09 fevereiro 2010

A contas com um futuro

fazem-se as contas aos mortos,
aos feridos,
às imensas cidades destruídas
e aos milhões necessários a
uma frágil reconstrução; contudo,
esquecem-se e silenciam-se os 
corpos violados por exércitos 
libertadores, as famílias destroçadas
pelas bombas incendiárias 
e as exactas cicatrizes nas crianças
que nunca o foram. Este sim, 
é o mundo moderno e matemático:
a guerra é uma ciência económica 
demasiado destrutiva para nós.

08 fevereiro 2010

O que é preciso na literatura

 "Precisamos de uma variedade linguística de gelenhite ou plástico – o tipo de literatura incendiária, escrita apenas por inadaptados, que cresceram, ainda tontos dos fumos, depois de terem derretido um pelotão de soldadinhos de plástico com um fósforo."

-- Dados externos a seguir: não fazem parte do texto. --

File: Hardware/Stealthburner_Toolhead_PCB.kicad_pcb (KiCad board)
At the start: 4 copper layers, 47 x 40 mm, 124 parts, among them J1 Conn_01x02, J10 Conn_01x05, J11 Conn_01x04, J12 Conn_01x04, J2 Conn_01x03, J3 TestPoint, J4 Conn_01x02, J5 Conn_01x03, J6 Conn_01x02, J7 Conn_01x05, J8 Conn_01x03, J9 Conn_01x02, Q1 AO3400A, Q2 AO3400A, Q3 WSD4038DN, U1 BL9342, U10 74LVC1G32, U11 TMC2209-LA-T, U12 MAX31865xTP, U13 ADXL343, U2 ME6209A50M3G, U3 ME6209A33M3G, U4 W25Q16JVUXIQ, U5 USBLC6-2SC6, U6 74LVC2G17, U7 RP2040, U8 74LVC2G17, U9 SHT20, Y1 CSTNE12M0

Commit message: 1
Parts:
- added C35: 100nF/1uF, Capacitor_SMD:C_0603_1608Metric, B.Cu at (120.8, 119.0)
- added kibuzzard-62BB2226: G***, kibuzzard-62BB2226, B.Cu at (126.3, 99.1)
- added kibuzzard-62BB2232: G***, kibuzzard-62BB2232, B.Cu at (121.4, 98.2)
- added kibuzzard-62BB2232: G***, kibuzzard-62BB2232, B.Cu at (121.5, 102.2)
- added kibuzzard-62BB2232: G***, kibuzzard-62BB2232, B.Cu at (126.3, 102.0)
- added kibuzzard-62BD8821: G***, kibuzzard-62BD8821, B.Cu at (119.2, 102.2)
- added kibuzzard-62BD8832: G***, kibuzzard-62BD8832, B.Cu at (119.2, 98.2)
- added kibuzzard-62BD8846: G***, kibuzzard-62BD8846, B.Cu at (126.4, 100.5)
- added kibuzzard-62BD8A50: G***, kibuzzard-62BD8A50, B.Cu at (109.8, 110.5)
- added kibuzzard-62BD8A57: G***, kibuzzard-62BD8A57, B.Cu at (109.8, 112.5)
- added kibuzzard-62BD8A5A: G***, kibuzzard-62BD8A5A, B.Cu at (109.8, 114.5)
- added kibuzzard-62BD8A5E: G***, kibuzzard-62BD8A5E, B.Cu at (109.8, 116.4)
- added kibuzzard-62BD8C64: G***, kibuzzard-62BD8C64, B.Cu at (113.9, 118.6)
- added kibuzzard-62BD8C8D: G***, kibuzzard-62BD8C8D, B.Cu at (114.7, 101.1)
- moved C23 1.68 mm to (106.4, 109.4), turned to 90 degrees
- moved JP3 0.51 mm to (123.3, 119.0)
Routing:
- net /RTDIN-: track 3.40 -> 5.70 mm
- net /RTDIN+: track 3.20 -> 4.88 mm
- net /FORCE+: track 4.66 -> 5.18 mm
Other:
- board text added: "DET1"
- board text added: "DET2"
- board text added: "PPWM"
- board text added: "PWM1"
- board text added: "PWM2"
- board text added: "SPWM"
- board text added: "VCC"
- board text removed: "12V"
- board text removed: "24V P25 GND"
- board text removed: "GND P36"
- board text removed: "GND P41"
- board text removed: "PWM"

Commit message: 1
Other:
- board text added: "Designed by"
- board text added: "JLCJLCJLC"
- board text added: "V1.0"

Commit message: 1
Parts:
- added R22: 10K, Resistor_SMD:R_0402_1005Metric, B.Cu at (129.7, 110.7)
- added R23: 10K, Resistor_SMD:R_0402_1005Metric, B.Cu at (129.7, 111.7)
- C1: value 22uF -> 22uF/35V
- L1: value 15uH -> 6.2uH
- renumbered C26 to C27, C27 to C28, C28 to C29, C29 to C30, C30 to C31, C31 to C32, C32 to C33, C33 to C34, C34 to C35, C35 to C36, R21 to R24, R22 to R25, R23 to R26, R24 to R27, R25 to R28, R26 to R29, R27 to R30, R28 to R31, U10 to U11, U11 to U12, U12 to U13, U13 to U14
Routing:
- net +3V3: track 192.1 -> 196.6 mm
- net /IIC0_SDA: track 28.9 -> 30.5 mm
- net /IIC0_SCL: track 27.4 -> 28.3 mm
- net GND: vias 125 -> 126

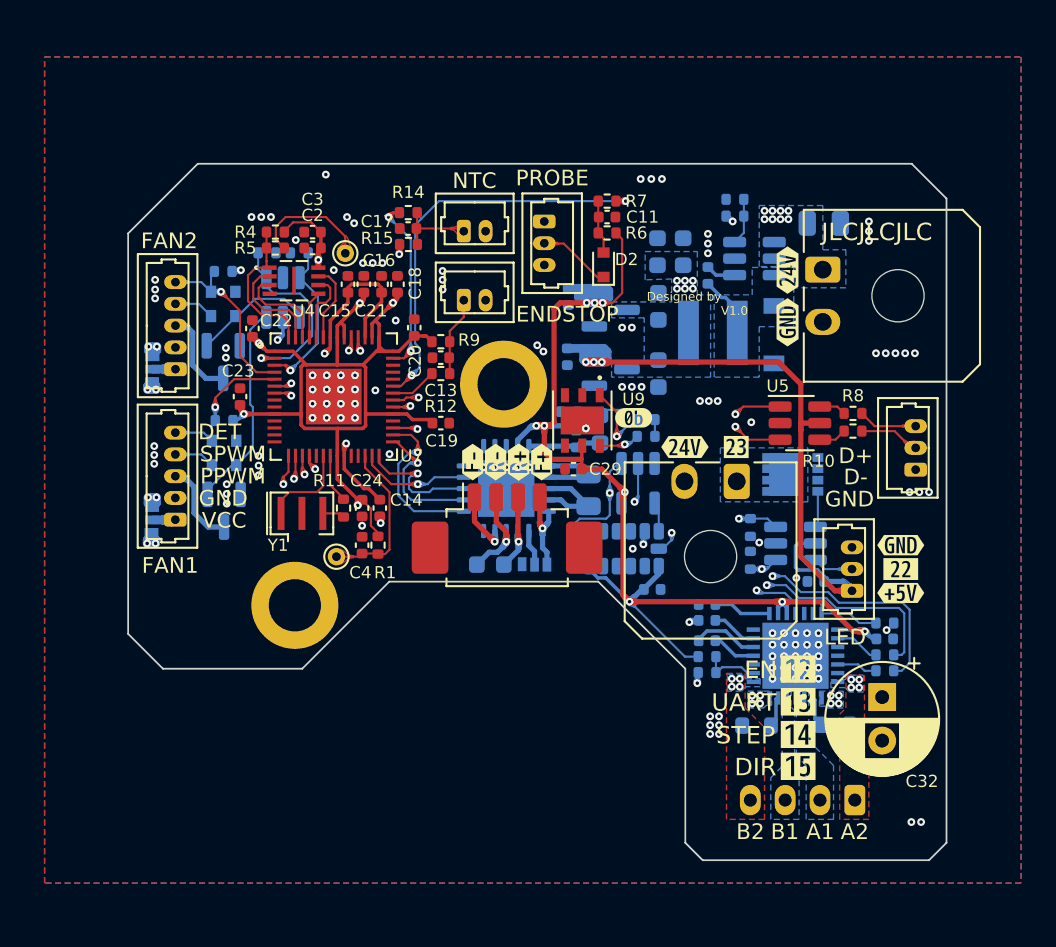
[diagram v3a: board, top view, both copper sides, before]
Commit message: V1.1 Release
* Add a TVS for TMC2209
* Replaced SHT21 with Si7021
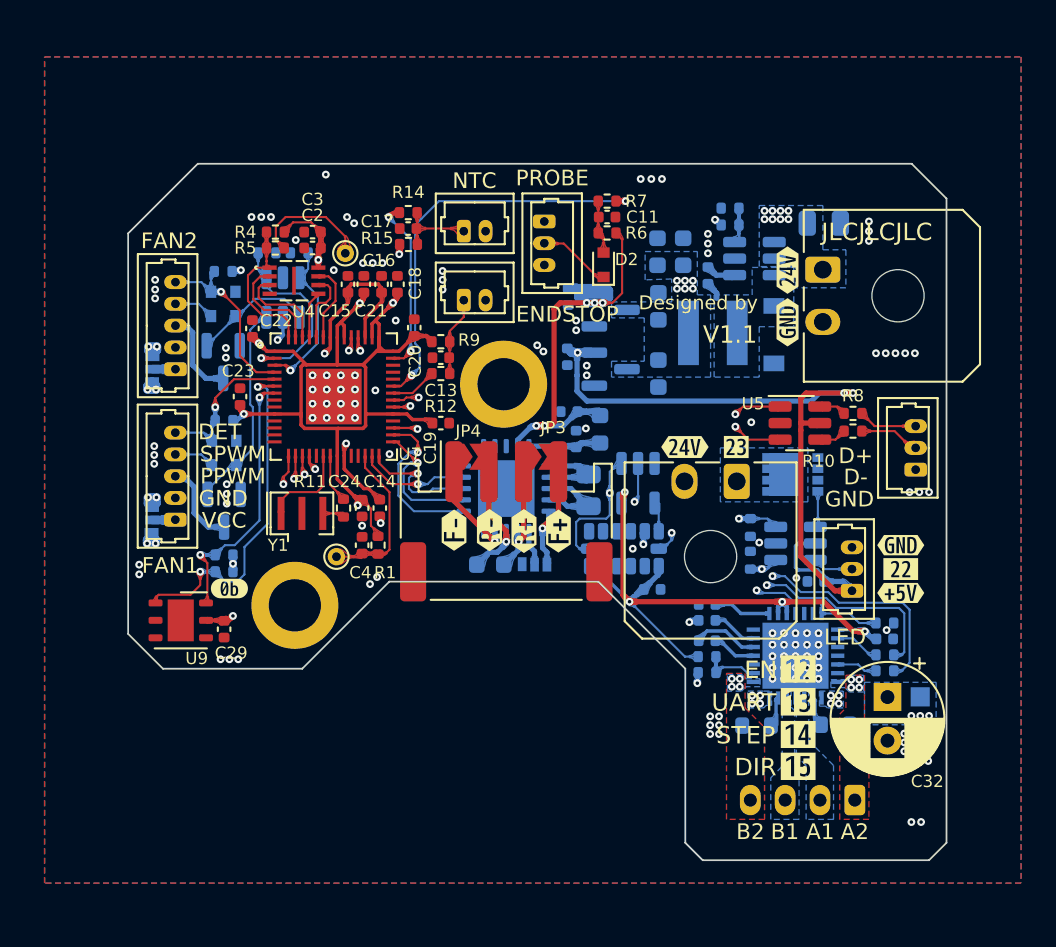
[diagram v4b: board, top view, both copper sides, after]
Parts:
- removed kibuzzard-62BB238A: G***, kibuzzard-62BB238A
- removed kibuzzard-62BB238F: G***, kibuzzard-62BB238F
- removed kibuzzard-62BB2393: G***, kibuzzard-62BB2393
- removed kibuzzard-62BB2397: G***, kibuzzard-62BB2397
- added D7: SMF28A, Diode_SMD:D_SOD-123F, B.Cu at (145.5, 128.0)
- added G***: LOGO, LOGO, F.Cu at (132.0, 107.0)
- added JP3: SolderJumper_2_Open, 1_Library:SolderJumper-2_P1.3mm_Open_TrianglePad1.0x1.5mm, F.Cu at (123.5, 112.8)
- added JP4: SolderJumper_2_Open, 1_Library:SolderJumper-2_P1.3mm_Open_TrianglePad1.0x1.5mm, F.Cu at (119.5, 112.8)
- added kibuzzard-62E7C936: G***, kibuzzard-62E7C936, F.Cu at (118.7, 117.0)
- added kibuzzard-62E7C93B: G***, kibuzzard-62E7C93B, F.Cu at (120.8, 117.0)
- added kibuzzard-62E7C943: G***, kibuzzard-62E7C943, F.Cu at (122.7, 117.1)
- added kibuzzard-62E7C964: G***, kibuzzard-62E7C964, F.Cu at (124.7, 117.1)
- D1: value CUS10S30 -> SS14L
- J11: footprint Connector_Molex:Molex_PicoBlade_53261-0471_1x04-1MP_P1.25mm_Horizontal -> 1_Library:JST_PH_S4B-PH-SM4-TB_1x04-1MP_P2.00mm_Horizontal
- R2: value 124K -> 309K
- R3: value 8.87K -> 22.1K
- U1: value BL9342 -> LMR54410
- U9: value SHT20 -> Si7021-A20; footprint 1_Library:SHT20 -> Package_DFN_QFN:DFN-6-1EP_3x3mm_P1mm_EP1.5x2.4mm
- moved U9 25.8 mm to (103.0, 122.2), turned to 0 degrees
- moved R22 25.8 mm to (105.5, 119.4)
- moved kibuzzard-62BB1C3A 25.2 mm to (105.8, 120.4)
- moved R23 25.2 mm to (105.5, 118.5)
- moved C29 22.1 mm to (105.5, 122.7), turned to -90 degrees
- moved J11 1.02 mm to (121.7, 116.5)
- moved R3 0.58 mm to (134.6, 98.6)
- moved R2 0.58 mm to (134.6, 99.5)
- moved C32 0.30 mm to (143.6, 126.6)
- renumbered JP3 to JP5
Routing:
- net /IIC0_SCL: track 28.3 -> 15.2 mm
- net /IIC0_SDA: track 30.5 -> 19.6 mm
- net +5V: track 60.5 -> 63.5 mm
- net +3V3: track 196.6 -> 193.8 mm, vias 17 -> 19
- net Net-(C7-Pad1): track 3.65 -> 1.05 mm
- net /FORCE-: track 3.65 -> 5.60 mm
- net /FORCE+: track 5.18 -> 6.96 mm
- net /RTDIN-: track 5.70 -> 7.34 mm
- net /RTDIN+: track 4.88 -> 6.45 mm
- net +12V: track 69.1 -> 68.1 mm
- net Net-(R2-Pad2): track 2.67 -> 2.05 mm
- net GND: vias 126 -> 121
- net +24V: vias 21 -> 24
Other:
- board text added: "V1.1"
- board text removed: "V1.0"

Christian Bök, presente neste blog

06 fevereiro 2010

O Carnaval está quase aí

Preço: 2 cigarros

são esses os dois cigarros que me vais cobrar
para continuar aqui? os cigarros quentes depois
do coito sem contacto, apenas com o atrito
ritmado destes corpos abandonados sobre a cama,
um padrão escuro/claro entre lençóis e peles
sem significado para além do óbvio. Lá fora,
e longe de nós e da óbvia compreensão, votam
o orçamento ou discute-se em volta de quem vai
reter o poder; aqui, neste silêncio, apenas nos restam
os sentidos estéticos desta solidão escolhida, deste
retraimento progressivo que terminará no sono
pouco justo destes humanos simples, sedentos
de companhia e despreocupados com a continuidade
do seu rumo: afinal, e depois das contas, estamos aqui
hoje - amanhã, ninguém sabe o que vai ser do corpo
e deste espírito fraco que não renderemos a mais ninguém.

31 janeiro 2010

Esforços

Estes esforços são tão inúteis como o ar
Que respiramos; a poesia já não é
Refúgio: é onde me escondo e perco.
Agora, faz-me vir ou mata-me, não interessa 
O futuro quando o corpo que desperta
Vive no passado, na mulher perfeita 
Que já não é e no homem perfeito
Que jaz morto e enterrado, menino
De sua mãe sem guerra exterior. 
Do conflito interior nasceu esta confusão, 
Estes nós de sangue inextricáveis e
Os riscos que se correm neste abrir
Dos olhos excitados já nada vêm, apenas
A escuridão do poço dos seus sentidos 
E este calor inerte como cinza. Sem dúvida,
Andamos aqui a morrer aos poucos, longe
Dos projectos para um futuro como nós
- cada vez mais distante, cada vez mais 
                                        de outros braços.